### Information supplied
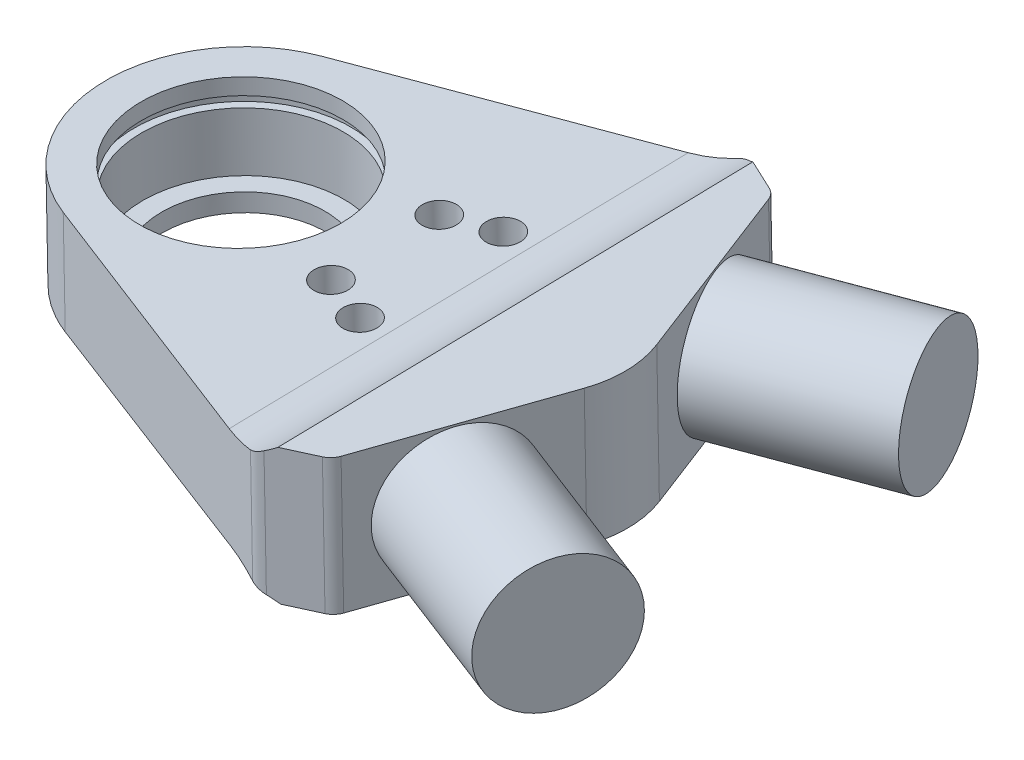
ISO-10303-21;
HEADER;
FILE_DESCRIPTION(('STEP AP214'),'2;1');
FILE_NAME('part.step','',(''),(''),'','','');
FILE_SCHEMA(('AUTOMOTIVE_DESIGN { 1 0 10303 214 1 1 1 1 }'));
ENDSEC;
DATA;
#1=APPLICATION_CONTEXT('core data for automotive mechanical design processes');
#2=APPLICATION_PROTOCOL_DEFINITION('international standard','automotive_design',2000,#1);
#3=PRODUCT_CONTEXT('',#1,'mechanical');
#4=PRODUCT('Part','Part','',(#3));
#5=PRODUCT_RELATED_PRODUCT_CATEGORY('part','',(#4));
#6=PRODUCT_DEFINITION_FORMATION('','',#4);
#7=PRODUCT_DEFINITION_CONTEXT('part definition',#1,'design');
#8=PRODUCT_DEFINITION('design','',#6,#7);
#9=PRODUCT_DEFINITION_SHAPE('','',#8);
#10=(LENGTH_UNIT() NAMED_UNIT(*) SI_UNIT(.MILLI.,.METRE.));
#11=(NAMED_UNIT(*) PLANE_ANGLE_UNIT() SI_UNIT($,.RADIAN.));
#12=(NAMED_UNIT(*) SI_UNIT($,.STERADIAN.) SOLID_ANGLE_UNIT());
#13=UNCERTAINTY_MEASURE_WITH_UNIT(LENGTH_MEASURE(1.E-05),#10,'distance_accuracy_value','');
#14=(GEOMETRIC_REPRESENTATION_CONTEXT(3) GLOBAL_UNCERTAINTY_ASSIGNED_CONTEXT((#13)) GLOBAL_UNIT_ASSIGNED_CONTEXT((#10,
#11,#12)) REPRESENTATION_CONTEXT('',''));
#15=CARTESIAN_POINT('',(0.,0.,0.));
#16=DIRECTION('',(0.,0.,1.));
#17=DIRECTION('',(1.,0.,0.));
#18=AXIS2_PLACEMENT_3D('',#15,#16,#17);
#19=CARTESIAN_POINT('',(-585.53416326074,112.85200121076,771.01929436932));
#20=DIRECTION('',(0.00538004106138572,0.999684848699186,0.024520571760546));
#21=DIRECTION('',(0.,-0.0245209266402855,0.99969931687318));
#22=AXIS2_PLACEMENT_3D('',#19,#20,#21);
#23=CYLINDRICAL_SURFACE('',#22,12.7000000000001);
#24=CARTESIAN_POINT('',(-585.526357552896,114.30240795966,771.054870383916));
#25=DIRECTION('',(0.,0.999699820798355,0.0245003733795452));
#26=DIRECTION('',(0.999992698636837,-9.36243645926273E-05,0.00382019731105017));
#27=AXIS2_PLACEMENT_3D('',#24,#25,#26);
#28=ELLIPSE('',#27,12.7001838064199,12.7000000000001);
#29=CARTESIAN_POINT('',(-590.008326790914,114.011273288213,782.934170113944));
#30=VERTEX_POINT('',#29);
#31=CARTESIAN_POINT('',(-589.917379504176,114.594373365334,759.141673829315));
#32=VERTEX_POINT('',#31);
#33=EDGE_CURVE('E207',#30,#32,#28,.F.);
#34=ORIENTED_EDGE('',*,*,#33,.F.);
#35=DIRECTION('',(0.00538004106138572,0.999684848699186,0.024520571760546));
#36=VECTOR('',#35,1.);
#37=CARTESIAN_POINT('',(-590.016004083219,112.584727894023,782.89917937786));
#38=LINE('',#37,#36);
#39=CARTESIAN_POINT('',(-589.956218253315,123.693748743422,783.171664794921));
#40=VERTEX_POINT('',#39);
#41=EDGE_CURVE('E200',#30,#40,#38,.T.);
#42=ORIENTED_EDGE('',*,*,#41,.T.);
#43=CARTESIAN_POINT('',(-585.474377430836,123.961022060159,771.291779786381));
#44=DIRECTION('',(-0.00538004106137596,-0.999684848699186,-0.0245205717605447));
#45=DIRECTION('',(0.,0.0245209266402842,-0.999699316873179));
#46=AXIS2_PLACEMENT_3D('',#43,#44,#45);
#47=CIRCLE('',#46,12.7000000000001);
#48=CARTESIAN_POINT('',(-589.865270966578,124.276848820543,759.379168510292));
#49=VERTEX_POINT('',#48);
#50=EDGE_CURVE('E181',#49,#40,#47,.F.);
#51=ORIENTED_EDGE('',*,*,#50,.F.);
#52=DIRECTION('',(0.00538004106138572,0.999684848699186,0.024520571760546));
#53=VECTOR('',#52,1.);
#54=CARTESIAN_POINT('',(-589.925056796482,113.167827971144,759.106683093231));
#55=LINE('',#54,#53);
#56=EDGE_CURVE('E208',#32,#49,#55,.T.);
#57=ORIENTED_EDGE('',*,*,#56,.F.);
#58=EDGE_LOOP('',(#34,#42,#51,#57));
#59=FACE_BOUND('',#58,.T.);
#60=ADVANCED_FACE('F64',(#59),#23,.T.);
#61=CARTESIAN_POINT('',(-557.961210133809,113.284714048954,747.328162944679));
#62=DIRECTION('',(-0.3457396484836,0.0248682488491075,-0.938000887881038));
#63=DIRECTION('',(-0.938291066330358,0.,0.345846605946393));
#64=AXIS2_PLACEMENT_3D('',#61,#62,#63);
#65=PLANE('',#64);
#66=CARTESIAN_POINT('',(-565.207646644979,133.888828138748,750.545397264626));
#67=DIRECTION('',(-0.3457396484836,0.0248682488491075,-0.938000887881038));
#68=DIRECTION('',(-0.938315059361521,-0.00343125056869183,0.34576448038357));
#69=AXIS2_PLACEMENT_3D('',#66,#67,#68);
#70=ELLIPSE('',#69,10.1654154875738,9.525);
#71=CARTESIAN_POINT('',(-565.258891536089,124.366829954888,750.311838818607));
#72=VERTEX_POINT('',#71);
#73=CARTESIAN_POINT('',(-562.090502636833,124.918059449398,749.158610110594));
#74=VERTEX_POINT('',#73);
#75=EDGE_CURVE('E245',#72,#74,#70,.F.);
#76=ORIENTED_EDGE('',*,*,#75,.T.);
#77=DIRECTION('',(0.00538004106138572,0.999684848699186,0.0245205717605461));
#78=VECTOR('',#77,1.);
#79=CARTESIAN_POINT('',(-562.153192742071,113.269384717334,748.872887900185));
#80=LINE('',#79,#78);
#81=CARTESIAN_POINT('',(-562.147627690845,114.303446972478,748.898251691349));
#82=VERTEX_POINT('',#81);
#83=EDGE_CURVE('E278',#74,#82,#80,.F.);
#84=ORIENTED_EDGE('',*,*,#83,.T.);
#85=CARTESIAN_POINT('',(-565.318727304473,105.294764034744,749.828255818098));
#86=DIRECTION('',(-0.3457396484836,0.0248682488491075,-0.938000887881038));
#87=DIRECTION('',(-0.938315059361521,-0.00343125056869183,0.34576448038357));
#88=AXIS2_PLACEMENT_3D('',#85,#86,#87);
#89=ELLIPSE('',#88,10.1654154875738,9.525);
#90=CARTESIAN_POINT('',(-565.31880031127,114.816436751554,750.080721003351));
#91=VERTEX_POINT('',#90);
#92=EDGE_CURVE('E241',#82,#91,#89,.F.);
#93=ORIENTED_EDGE('',*,*,#92,.T.);
#94=DIRECTION('',(0.938330258086945,0.00847076544014602,-0.345636475059195));
#95=VECTOR('',#94,1.);
#96=CARTESIAN_POINT('',(-557.960171314262,114.882866688836,747.370150214576));
#97=LINE('',#96,#95);
#98=EDGE_CURVE('E418',#32,#91,#97,.T.);
#99=ORIENTED_EDGE('',*,*,#98,.F.);
#100=ORIENTED_EDGE('',*,*,#56,.T.);
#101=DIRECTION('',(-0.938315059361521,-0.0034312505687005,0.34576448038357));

### Task directions
Exactly repeat the material from its first line through the line with "#1=APPLICATION_CONTEXT('core data for", including both, and leave the pictures and everything else out.

### Reply to the task
ISO-10303-21;
HEADER;
FILE_DESCRIPTION(('STEP AP214'),'2;1');
FILE_NAME('part.step','',(''),(''),'','','');
FILE_SCHEMA(('AUTOMOTIVE_DESIGN { 1 0 10303 214 1 1 1 1 }'));
ENDSEC;
DATA;
#1=APPLICATION_CONTEXT('core data for automotive mechanical design processes');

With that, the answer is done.